AI-assisted developers who pay attention to security as well can benefit from the increase in productivity without suffering from more bugs, the research team from New York University stated in a paper, which found that AI-assisted developers produced critical security bugs — the highest severity — only slightly more often than those without AI assistance.

“This suggests that security concerns with LLM assistants might not be as severe as initially suggested, although studies with larger sample sizes and diverse user groups are warranted,” the team stated.

Moreover, these problems will likely submit to further research effort and time, as the level of investment and innovation continues to grow. Google, for example, has improved its generalized coding engine, AlphaCode, to construct computer programs to solve problems expressed in native languages. AlphaCode currently performs about as well as the average programmer — as part of a coding competition, it ranked in the top 54% of participants. While that might not sound impressive, Go-playing computers required significant handicaps to beat teenage players in 2000, and 17 years later, Google’s AlphaGo went on to beat the top professional players.

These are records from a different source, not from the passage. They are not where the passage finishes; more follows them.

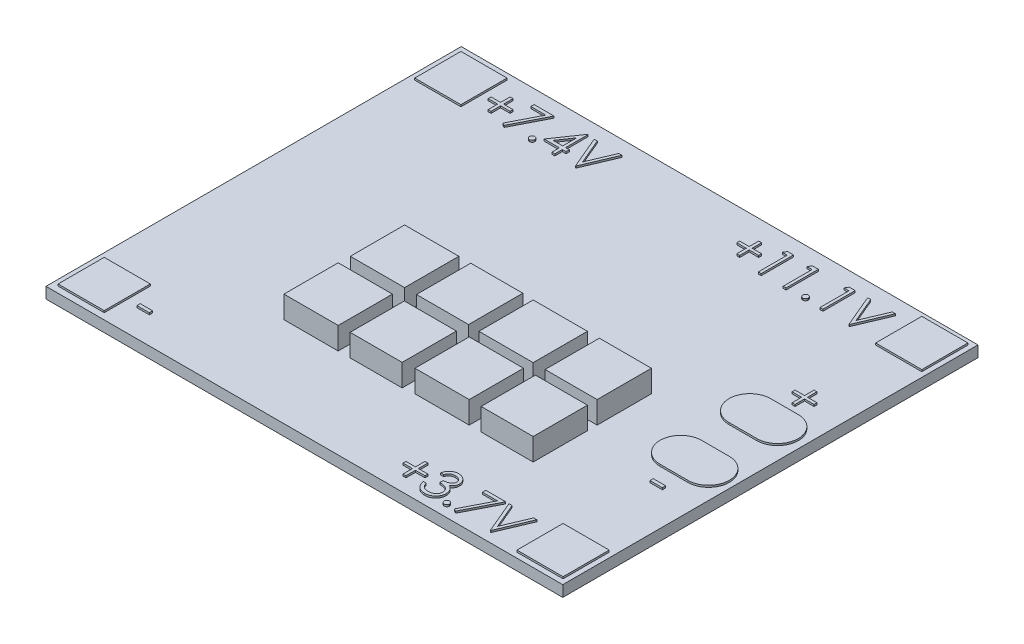
from build123d import *

# Parameters (mm, degrees)
SKETCH1_W            = 56
SKETCH1_H            = 45
BOSS_EXTRUDE1_DEPTH  = 1.2
SKETCH2_W            = 5
SKETCH2_H            = 5
BOSS_EXTRUDE2_DEPTH  = 0.2
BOSS_EXTRUDE3_DEPTH  = 0.2
SKETCH4_W            = 5.880082878
SKETCH4_H            = 5.880082878
SKETCH4_H_2          = 5.880082877
SKETCH4_W_2          = 5.641055118
BOSS_EXTRUDE4_DEPTH  = 2.4
BOSS_EXTRUDE5_DEPTH  = 0.2
SKETCH6_W            = 1.346153846
SKETCH6_H            = 0.358974359
BOSS_EXTRUDE6_DEPTH  = 0.2
BOSS_EXTRUDE7_DEPTH  = 0.2
BOSS_EXTRUDE8_DEPTH  = 0.2
BOSS_EXTRUDE9_DEPTH  = 0.2
SKETCH10_W           = 1.346153846
SKETCH10_H           = 0.358974359
BOSS_EXTRUDE10_DEPTH = 0.2


with BuildPart() as part:
    # Sketch1 → Boss-Extrude1 (new body)
    with BuildSketch(Plane(origin=(0, 0, 0), x_dir=(1, 0, 0), z_dir=(0, 1, 0))):
        with Locations((-4.877024793, 1.28214876)):
            Rectangle(SKETCH1_W, SKETCH1_H)
    extrude(amount=BOSS_EXTRUDE1_DEPTH)

    # Sketch2 → Boss-Extrude2 (add)
    with BuildSketch(Plane(origin=(0, 1.2, 0), x_dir=(1, 0, 0), z_dir=(0, 1, 0))):
        with Locations((-29.743077104, 20.608694888)):
            Rectangle(SKETCH2_W, SKETCH2_H)
        with Locations((20.094600179, 20.719328601)):
            Rectangle(SKETCH2_W, SKETCH2_H)
        with Locations((20.094600179, -18.155031081)):
            Rectangle(SKETCH2_W, SKETCH2_H)
        with Locations((-29.743077104, -18.044397367)):
            Rectangle(SKETCH2_W, SKETCH2_H)
    extrude(amount=BOSS_EXTRUDE2_DEPTH)

    # Sketch3 → Boss-Extrude3 (add)
    with BuildSketch(Plane(origin=(0, 1.2, 0), x_dir=(1, 0, 0), z_dir=(0, 1, 0))):
        with BuildLine():
            Line((17.297407854, -4.845624673), (20.309157621, -4.845624673))
            ThreePointArc((20.309157621, -4.845624673), (22.556018558, -2.598763736), (20.309157621, -0.351902799))
            Line((20.309157621, -0.351902799), (17.297407854, -0.351902799))
            ThreePointArc((17.297407854, -0.351902799), (15.050546917, -2.598763736), (17.297407854, -4.845624673))
        make_face()
        with BuildLine():
            Line((17.117440651, 2.810367146), (20.129190418, 2.810367146))
            ThreePointArc((20.129190418, 2.810367146), (22.376051355, 5.057228083), (20.129190418, 7.30408902))
            Line((20.129190418, 7.30408902), (17.117440651, 7.30408902))
            ThreePointArc((17.117440651, 7.30408902), (14.870579714, 5.057228083), (17.117440651, 2.810367146))
        make_face()
    extrude(amount=BOSS_EXTRUDE3_DEPTH)

    # Sketch4 → Boss-Extrude4 (add)
    with BuildSketch(Plane(origin=(0, 1.2, 0), x_dir=(1, 0, 0), z_dir=(0, 1, 0))):
        with Locations((-13.912274093, -8.517989369)):
            Rectangle(SKETCH4_W, SKETCH4_H)
        with Locations((-13.864468541, -1.371059368)):
            Rectangle(SKETCH4_W, SKETCH4_H_2)
        with Locations((-6.813149643, -1.371059368)):
            Rectangle(SKETCH4_W_2, SKETCH4_H_2)
        with Locations((-6.860955195, -8.517989369)):
            Rectangle(SKETCH4_W_2, SKETCH4_H)
        with Locations((0.142558151, -1.442767695)):
            Rectangle(SKETCH4_W, SKETCH4_H)
        with Locations((7.193877049, -1.442767695)):
            Rectangle(SKETCH4_W_2, SKETCH4_H)
        with Locations((0.142558151, -8.374572714)):
            Rectangle(SKETCH4_W, SKETCH4_H_2)
        with Locations((7.193877049, -8.374572714)):
            Rectangle(SKETCH4_W_2, SKETCH4_H_2)
    extrude(amount=BOSS_EXTRUDE4_DEPTH)

    # Sketch5 → Boss-Extrude5 (add)
    with BuildSketch(Plane(origin=(0, 1.2, 0), x_dir=(1, 0, 0), z_dir=(0, 1, 0))):
        Polygon((1.695992547, 20.415394793), (1.695992547, 21.447446075), (2.010095111, 21.447446075), (2.010095111, 20.415394793), (3.042146393, 20.415394793), (3.042146393, 20.101292229), (2.010095111, 20.101292229), (2.010095111, 19.069240947), (1.695992547, 19.069240947), (1.695992547, 20.101292229), (0.663941265, 20.101292229), (0.663941265, 20.415394793), align=None)
        Polygon((4.234754566, 22.030779409), (4.881889983, 22.030779409), (4.881889983, 18.530779409), (4.567787419, 18.530779409), (4.567787419, 21.67180505), (4.02932588, 21.67180505), align=None)
        Polygon((6.927062258, 22.030779409), (7.574197675, 22.030779409), (7.574197675, 18.530779409), (7.260095111, 18.530779409), (7.260095111, 21.67180505), (6.721633572, 21.67180505), align=None)
        with BuildLine():
            add(Edge.make_bspline(
                [(9.436377162, 19.069240947), (9.455867374, 19.06808278), (9.494075657, 19.06581233), (9.549314785, 19.050235656), (9.599309445, 19.022576996), (9.64384169, 18.985714217), (9.680548166, 18.941018554), (9.709192518, 18.891422646), (9.724633503, 18.835721053), (9.726887415, 18.797291378), (9.728043829, 18.77757428)],
                knots=[0, 0, 0, 0, 5.8463e-05, 0.000114609, 0.000170453, 0.000228714, 0.000286975, 0.000343156, 0.000399303, 0.000458464, 0.000458464, 0.000458464, 0.000458464], degree=3))
            add(Edge.make_bspline(
                [(9.728043829, 18.77757428), (9.726848228, 18.758330951), (9.724490521, 18.720383387), (9.709227913, 18.665101924), (9.680329863, 18.61547502), (9.64409487, 18.570172882), (9.599298436, 18.533232011), (9.54919659, 18.505808666), (9.494205332, 18.489116687), (9.455889008, 18.486990389), (9.436377162, 18.485907614)],
                knots=[0, 0, 0, 0, 5.7765e-05, 0.000113912, 0.000170093, 0.000228896, 0.000287156, 0.000343, 0.000399343, 0.000457806, 0.000457806, 0.000457806, 0.000457806], degree=3))
            add(Edge.make_bspline(
                [(9.436377162, 18.485907614), (9.416851257, 18.486951211), (9.378731574, 18.488988586), (9.32394558, 18.506151392), (9.273538611, 18.532974853), (9.228750899, 18.570241762), (9.192212428, 18.615241905), (9.164587045, 18.665443702), (9.147996896, 18.720225139), (9.145815023, 18.758299782), (9.144710496, 18.77757428)],
                knots=[0, 0, 0, 0, 5.8463e-05, 0.000114135, 0.000170596, 0.000228856, 0.000287659, 0.000343502, 0.000399846, 0.000457611, 0.000457611, 0.000457611, 0.000457611], degree=3))
            add(Edge.make_bspline(
                [(9.144710496, 18.77757428), (9.145772595, 18.79732366), (9.147846213, 18.8358819), (9.164621873, 18.891081008), (9.191998085, 18.941249447), (9.22900348, 18.985646027), (9.273527776, 19.02283333), (9.323823981, 19.049898123), (9.378863522, 19.065938535), (9.41687346, 19.068121052), (9.436377162, 19.069240947)],
                knots=[0, 0, 0, 0, 5.9161e-05, 0.000115504, 0.000171348, 0.000229609, 0.000287869, 0.00034433, 0.000399803, 0.000458266, 0.000458266, 0.000458266, 0.000458266], degree=3))
        make_face()
        Polygon((10.920652002, 22.030779409), (11.567787419, 22.030779409), (11.567787419, 18.530779409), (11.253684855, 18.530779409), (11.253684855, 21.67180505), (10.715223316, 21.67180505), align=None)
        Polygon((12.913941265, 22.030779409), (13.250479726, 22.030779409), (14.417146393, 19.272566268), (15.58381306, 22.030779409), (15.920351521, 22.030779409), (14.43958229, 18.530779409), (14.394710496, 18.530779409), align=None)
    extrude(amount=BOSS_EXTRUDE5_DEPTH)

    # Sketch6 → Boss-Extrude6 (add)
    with BuildSketch(Plane(origin=(0, 1.2, 0), x_dir=(1, 0, 0), z_dir=(0, 1, 0))):
        with Locations((-25.271094731, -18.119306896)):
            Rectangle(SKETCH6_W, SKETCH6_H)
    extrude(amount=BOSS_EXTRUDE6_DEPTH)

    # Sketch7 → Boss-Extrude7 (add)
    with BuildSketch(Plane(origin=(0, 1.2, 0), x_dir=(1, 0, 0), z_dir=(0, 1, 0))):
        Polygon((4.288270537, -18.345734188), (4.288270537, -17.313682906), (4.602373101, -17.313682906), (4.602373101, -18.345734188), (5.634424383, -18.345734188), (5.634424383, -18.659836752), (4.602373101, -18.659836752), (4.602373101, -19.691888034), (4.288270537, -19.691888034), (4.288270537, -18.659836752), (3.256219255, -18.659836752), (3.256219255, -18.345734188), align=None)
        with BuildLine():
            Line((6.531860281, -17.53804188), (6.217757717, -17.53804188))
            add(Edge.make_bspline(
                [(6.217757717, -17.53804188), (6.226267267, -17.502809396), (6.242902743, -17.433932772), (6.277600316, -17.335525511), (6.315399572, -17.242401989), (6.360788676, -17.156305916), (6.41029743, -17.075507013), (6.467020152, -17.001837888), (6.528339875, -16.933424923), (6.596164824, -16.872711685), (6.667293485, -16.817733956), (6.742728105, -16.770858899), (6.820950999, -16.730534746), (6.902504132, -16.697314514), (6.987630304, -16.672288991), (7.075559927, -16.654132185), (7.166523427, -16.642341071), (7.228271018, -16.641190308), (7.259624704, -16.640605983)],
                knots=[0, 0, 0, 0, 0.000108665, 0.000212431, 0.000312691, 0.000409905, 0.000504067, 0.000596618, 0.000688443, 0.000779278, 0.000869306, 0.00095782, 0.001045306, 0.001133058, 0.001221569, 0.001311085, 0.001402223, 0.001496238, 0.001496238, 0.001496238, 0.001496238], degree=3))
            add(Edge.make_bspline(
                [(7.259624704, -16.640605983), (7.305307446, -16.641985213), (7.395676457, -16.644713588), (7.528439504, -16.669628025), (7.656466323, -16.709053157), (7.778355571, -16.763526884), (7.891574003, -16.830714197), (7.99231019, -16.910678934), (8.079198701, -17.001878236), (8.152093079, -17.1026108), (8.209168078, -17.210266309), (8.251254451, -17.321066467), (8.276876132, -17.434748438), (8.280196689, -17.511505717), (8.281860281, -17.54996095)],
                knots=[0, 0, 0, 0, 0.000136936, 0.000270885, 0.000403723, 0.000538055, 0.000670441, 0.000797677, 0.000922646, 0.001047185, 0.00116951, 0.001287103, 0.001401935, 0.001517226, 0.001517226, 0.001517226, 0.001517226], degree=3))
            add(Edge.make_bspline(
                [(8.281860281, -17.54996095), (8.28069669, -17.586967745), (8.278419723, -17.6593843), (8.259086017, -17.765105797), (8.226549754, -17.864747397), (8.181479992, -17.958728559), (8.123138441, -18.046453399), (8.052465745, -18.12811929), (7.968963083, -18.204088448), (7.905684145, -18.247607921), (7.873106274, -18.270013034)],
                knots=[0, 0, 0, 0, 0.000110957, 0.000217125, 0.000321111, 0.000424595, 0.000528824, 0.000636204, 0.000747885, 0.000866393, 0.000866393, 0.000866393, 0.000866393], degree=3))
            add(Edge.make_bspline(
                [(7.873106274, -18.270013034), (7.910338029, -18.287991205), (7.984104903, -18.323611163), (8.084655433, -18.39346692), (8.175933308, -18.474123268), (8.226837027, -18.537065921), (8.252413165, -18.568690918)],
                knots=[0, 0, 0, 0, 0.000123863, 0.000245408, 0.000366052, 0.000487879, 0.000487879, 0.000487879, 0.000487879], degree=3))
            add(Edge.make_bspline(
                [(8.252413165, -18.568690918), (8.269254508, -18.59174867), (8.302661404, -18.637486587), (8.343896938, -18.711023013), (8.381306052, -18.785374502), (8.410456271, -18.862533908), (8.433030138, -18.941606922), (8.44916617, -19.022729318), (8.459190311, -19.10596734), (8.460625863, -19.16227982), (8.46134746, -19.19058595)],
                knots=[0, 0, 0, 0, 8.5583e-05, 0.000169764, 0.000252544, 0.000335098, 0.000416766, 0.000498992, 0.000583001, 0.000667909, 0.000667909, 0.000667909, 0.000667909], degree=3))
            add(Edge.make_bspline(
                [(8.46134746, -19.19058595), (8.459552947, -19.239595672), (8.455972365, -19.337384474), (8.42396829, -19.481859195), (8.37435505, -19.623084697), (8.303898114, -19.758159537), (8.218030605, -19.884539918), (8.115873281, -19.997616227), (7.998586872, -20.094814831), (7.867781224, -20.176025059), (7.726064095, -20.240942981), (7.574488503, -20.286000424), (7.415238449, -20.315346424), (7.306031152, -20.318493293), (7.250510121, -20.320093162)],
                knots=[0, 0, 0, 0, 0.000146863, 0.000293035, 0.000441833, 0.000594857, 0.000748684, 0.000899086, 0.001050437, 0.001204129, 0.001359752, 0.001516561, 0.001677477, 0.001843893, 0.001843893, 0.001843893, 0.001843893], degree=3))
            add(Edge.make_bspline(
                [(7.250510121, -20.320093162), (7.21309082, -20.319224949), (7.139462115, -20.317516595), (7.031218617, -20.305837993), (6.927896917, -20.284507988), (6.82935732, -20.255804683), (6.735512283, -20.219412941), (6.646648178, -20.174094243), (6.562218285, -20.120782741), (6.483019333, -20.058849153), (6.409060766, -19.989567813), (6.342308041, -19.911708803), (6.281648249, -19.826711399), (6.22870561, -19.733588343), (6.181068657, -19.633543086), (6.141887701, -19.525294587), (6.107402132, -19.409810565), (6.091368668, -19.329332825), (6.083142332, -19.28804188)],
                knots=[0, 0, 0, 0, 0.000112258, 0.000220887, 0.000326076, 0.000428356, 0.000528479, 0.000627563, 0.000727152, 0.000827569, 0.00092875, 0.001030654, 0.001134734, 0.001241526, 0.001351611, 0.001466743, 0.00158655, 0.001712791, 0.001712791, 0.001712791, 0.001712791], degree=3))
            Line((6.083142332, -19.28804188), (6.397244896, -19.28804188))
            add(Edge.make_bspline(
                [(6.397244896, -19.28804188), (6.405428188, -19.314990893), (6.4213454, -19.367409065), (6.448439698, -19.442849371), (6.47930797, -19.512007424), (6.512422529, -19.575390546), (6.547200975, -19.633622948), (6.5861159, -19.685164817), (6.626285045, -19.732280019), (6.656564399, -19.758824631), (6.671383518, -19.771815918)],
                knots=[0, 0, 0, 0, 8.4487e-05, 0.000164335, 0.000240293, 0.00031148, 0.000378817, 0.000443461, 0.000505064, 0.000564113, 0.000564113, 0.000564113, 0.000564113], degree=3))
            add(Edge.make_bspline(
                [(6.671383518, -19.771815918), (6.690980095, -19.786924252), (6.730112757, -19.817094284), (6.793880989, -19.855595913), (6.860945875, -19.888956938), (6.932760549, -19.914440634), (7.007775319, -19.936018294), (7.087202685, -19.950138814), (7.170341902, -19.959826985), (7.227109665, -19.960681916), (7.256119095, -19.961118803)],
                knots=[0, 0, 0, 0, 7.418e-05, 0.000148131, 0.000223072, 0.000298488, 0.0003764, 0.000456984, 0.000540217, 0.000627201, 0.000627201, 0.000627201, 0.000627201], degree=3))
            add(Edge.make_bspline(
                [(7.256119095, -19.961118803), (7.288872598, -19.960502898), (7.352919245, -19.959298548), (7.446374104, -19.948222841), (7.535281551, -19.932092428), (7.618654477, -19.907179445), (7.697584985, -19.876398594), (7.770966634, -19.837750188), (7.83976274, -19.792405467), (7.903092146, -19.740866308), (7.960037653, -19.684444813), (8.010177167, -19.625431742), (8.052801828, -19.564075912), (8.087185406, -19.500037791), (8.114335957, -19.433582562), (8.132819157, -19.364523733), (8.145670672, -19.293426467), (8.146717284, -19.245097498), (8.147244896, -19.220734188)],
                knots=[0, 0, 0, 0, 9.822e-05, 0.00019206, 0.00028199, 0.000368957, 0.000452673, 0.000535779, 0.000617257, 0.000699492, 0.000780303, 0.000857417, 0.000931514, 0.001003978, 0.001075065, 0.001146335, 0.001218144, 0.001291145, 0.001291145, 0.001291145, 0.001291145], degree=3))
            add(Edge.make_bspline(
                [(8.147244896, -19.220734188), (8.145714595, -19.188122849), (8.142661606, -19.123062441), (8.119353027, -19.027344866), (8.081014163, -18.935121454), (8.027341651, -18.847965664), (7.962005923, -18.767189762), (7.885641016, -18.69511828), (7.797612787, -18.635648189), (7.716592918, -18.594559532), (7.644827762, -18.566522457), (7.583412377, -18.547847493), (7.514655774, -18.532033837), (7.439389425, -18.517321565), (7.357046209, -18.504800217), (7.267715771, -18.494358402), (7.171380009, -18.486003361), (7.104688843, -18.482272265), (7.070321819, -18.480349572)],
                knots=[0, 0, 0, 0, 9.7761e-05, 0.000195035, 0.000293731, 0.000396299, 0.00050098, 0.000604654, 0.000710058, 0.000818548, 0.000876487, 0.000941025, 0.001010919, 0.001088059, 0.001171055, 0.001260716, 0.001357836, 0.001461094, 0.001461094, 0.001461094, 0.001461094], degree=3))
            Line((7.070321819, -18.480349572), (7.070321819, -18.121375213))
            add(Edge.make_bspline(
                [(7.070321819, -18.121375213), (7.113622985, -18.12064041), (7.198439332, -18.11920111), (7.322333636, -18.101793099), (7.440806948, -18.077712471), (7.55123369, -18.040827279), (7.651882404, -17.997986982), (7.739202006, -17.948134773), (7.811969153, -17.892720023), (7.869830225, -17.830887414), (7.913359453, -17.764572366), (7.945186251, -17.695455709), (7.963986577, -17.622931648), (7.966496244, -17.57343698), (7.967757717, -17.548558707)],
                knots=[0, 0, 0, 0, 0.0001298, 0.000254247, 0.000374709, 0.000491998, 0.000602842, 0.000702416, 0.000792872, 0.000876214, 0.000955164, 0.001029842, 0.001103644, 0.00117823, 0.00117823, 0.00117823, 0.00117823], degree=3))
            add(Edge.make_bspline(
                [(7.967757717, -17.548558707), (7.967343306, -17.530280962), (7.966518855, -17.493918255), (7.956121577, -17.440793186), (7.940497536, -17.38929224), (7.919017807, -17.33963443), (7.890267608, -17.292164156), (7.855861622, -17.246476707), (7.814893521, -17.202832928), (7.767948074, -17.162152608), (7.717536269, -17.123383371), (7.662286494, -17.090469734), (7.60386462, -17.062324672), (7.542205965, -17.03911517), (7.477110434, -17.021655882), (7.408883877, -17.00912004), (7.337396193, -17.001282386), (7.288624461, -17.00015397), (7.263831435, -16.999580342)],
                knots=[0, 0, 0, 0, 5.4759e-05, 0.000108941, 0.000161726, 0.000216044, 0.000270754, 0.000327825, 0.00038735, 0.000449943, 0.000514025, 0.000577874, 0.000642472, 0.000708366, 0.000775209, 0.000844379, 0.000916308, 0.00099068, 0.00099068, 0.00099068, 0.00099068], degree=3))
            add(Edge.make_bspline(
                [(7.263831435, -16.999580342), (7.223979767, -17.000971704), (7.14614019, -17.003689357), (7.033925273, -17.027492371), (6.929605939, -17.065470454), (6.849867273, -17.110803473), (6.790984699, -17.155553907), (6.74890776, -17.194636294), (6.70758725, -17.238069117), (6.669741573, -17.288527493), (6.631467597, -17.342594283), (6.596623035, -17.403017964), (6.562763343, -17.468222359), (6.542360793, -17.514317993), (6.531860281, -17.53804188)],
                knots=[0, 0, 0, 0, 0.00011944, 0.000233294, 0.000342435, 0.0004514, 0.000506931, 0.000563998, 0.000623523, 0.000686492, 0.000753006, 0.000822147, 0.000895524, 0.000973336, 0.000973336, 0.000973336, 0.000973336], degree=3))
        make_face()
        with BuildLine():
            add(Edge.make_bspline(
                [(9.33634746, -19.691888034), (9.355837673, -19.693046201), (9.394045955, -19.695316651), (9.449285083, -19.710893325), (9.499279743, -19.738551985), (9.543811988, -19.775414763), (9.580518464, -19.820110427), (9.609162816, -19.869706335), (9.624603802, -19.925407928), (9.626857713, -19.963837603), (9.628014127, -19.9835547)],
                knots=[0, 0, 0, 0, 5.8463e-05, 0.000114609, 0.000170453, 0.000228714, 0.000286975, 0.000343156, 0.000399303, 0.000458464, 0.000458464, 0.000458464, 0.000458464], degree=3))
            add(Edge.make_bspline(
                [(9.628014127, -19.9835547), (9.626818526, -20.00279803), (9.624460819, -20.040745594), (9.609198211, -20.096027057), (9.580300161, -20.145653961), (9.544065168, -20.190956099), (9.499268734, -20.22789697), (9.449166888, -20.255320315), (9.39417563, -20.272012294), (9.355859306, -20.274138592), (9.33634746, -20.275221367)],
                knots=[0, 0, 0, 0, 5.7765e-05, 0.000113912, 0.000170093, 0.000228896, 0.000287156, 0.000343, 0.000399343, 0.000457806, 0.000457806, 0.000457806, 0.000457806], degree=3))
            add(Edge.make_bspline(
                [(9.33634746, -20.275221367), (9.316821555, -20.27417777), (9.278701872, -20.272140395), (9.223915878, -20.254977589), (9.173508909, -20.228154128), (9.128721198, -20.190887219), (9.092182726, -20.145887076), (9.064557343, -20.095685279), (9.047967194, -20.040903842), (9.045785321, -20.002829199), (9.044680794, -19.9835547)],
                knots=[0, 0, 0, 0, 5.8463e-05, 0.000114135, 0.000170596, 0.000228856, 0.000287659, 0.000343502, 0.000399846, 0.000457611, 0.000457611, 0.000457611, 0.000457611], degree=3))
            add(Edge.make_bspline(
                [(9.044680794, -19.9835547), (9.045742893, -19.963805321), (9.047816511, -19.925247081), (9.064592172, -19.870047973), (9.091968384, -19.819879534), (9.128973779, -19.775482954), (9.173498074, -19.738295651), (9.22379428, -19.711230858), (9.27883382, -19.695190446), (9.316843758, -19.693007929), (9.33634746, -19.691888034)],
                knots=[0, 0, 0, 0, 5.9161e-05, 0.000115504, 0.000171348, 0.000229609, 0.000287869, 0.00034433, 0.000399803, 0.000458266, 0.000458266, 0.000458266, 0.000458266], degree=3))
        make_face()
        Polygon((10.30109105, -16.730349572), (12.454937204, -16.730349572), (10.615193614, -20.320093162), (10.34385948, -20.17075422), (11.923486883, -17.089323931), (10.30109105, -17.089323931), align=None)
        Polygon((12.813911563, -16.730349572), (13.150450024, -16.730349572), (14.317116691, -19.488562713), (15.483783358, -16.730349572), (15.820321819, -16.730349572), (14.339552589, -20.230349572), (14.294680794, -20.230349572), align=None)
    extrude(amount=BOSS_EXTRUDE7_DEPTH)

    # Sketch8 → Boss-Extrude8 (add)
    with BuildSketch(Plane(origin=(0, 1.2, 0), x_dir=(1, 0, 0), z_dir=(0, 1, 0))):
        Polygon((-25.303366058, 20.472373915), (-25.303366058, 21.504425197), (-24.989263494, 21.504425197), (-24.989263494, 20.472373915), (-23.957212212, 20.472373915), (-23.957212212, 20.158271351), (-24.989263494, 20.158271351), (-24.989263494, 19.126220069), (-25.303366058, 19.126220069), (-25.303366058, 20.158271351), (-26.33541734, 20.158271351), (-26.33541734, 20.472373915), align=None)
        Polygon((-23.284135289, 22.08775853), (-21.130289135, 22.08775853), (-22.970032725, 18.49801494), (-23.241366859, 18.647353883), (-21.661739455, 21.728784171), (-23.284135289, 21.728784171), align=None)
        with BuildLine():
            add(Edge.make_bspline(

GitHub’s Salva argues that it will only take time to further improve code-generating AI to get to the point where assisted developers will produce much more secure code much faster than non-assisted developers.

“AI assistants like GitHub Copilot will, in a few short years, produce code that is more secure, performant, [and] accessible,” he says. “In fact, we’re already running experiments in production where we apply security analysis on code to discourage developers from implementing common vulnerabilities.”

To get there, however, will require not just advances in the design of the machine-learning models that power AI systems, but also better efforts to exclude insecure coding examples from the data sets used to train AI coding assistants. Finally, low-probability edge cases continue to cause problems, especially if examples of those situations never make it into the training data, says BIML’s McGraw.

He points to self-driving cars as an example: The AI may not know that a ball bouncing out into the street is often followed by a child chasing the ball and so will not slow down the vehicle. Similarly, attackers can find edge cases in software — such as an input that an application designer never expected — and exploit them. Because AI assistants have evolved to the point where some people treat them as human, those developers may expect them to react in human ways — a tendency to anthropomorphize machines known as the Eliza effect.

“It is those sorts of things where the Eliza effect of — it mostly seems to work, and wow it’s so cool, and so it must be doing it the way we are doing it — is absolutely misleading,” he says. “Many of the things that we talk about as risks — and even as attacks — are pretty rare, but that doesn’t mean that they are not going to happen.”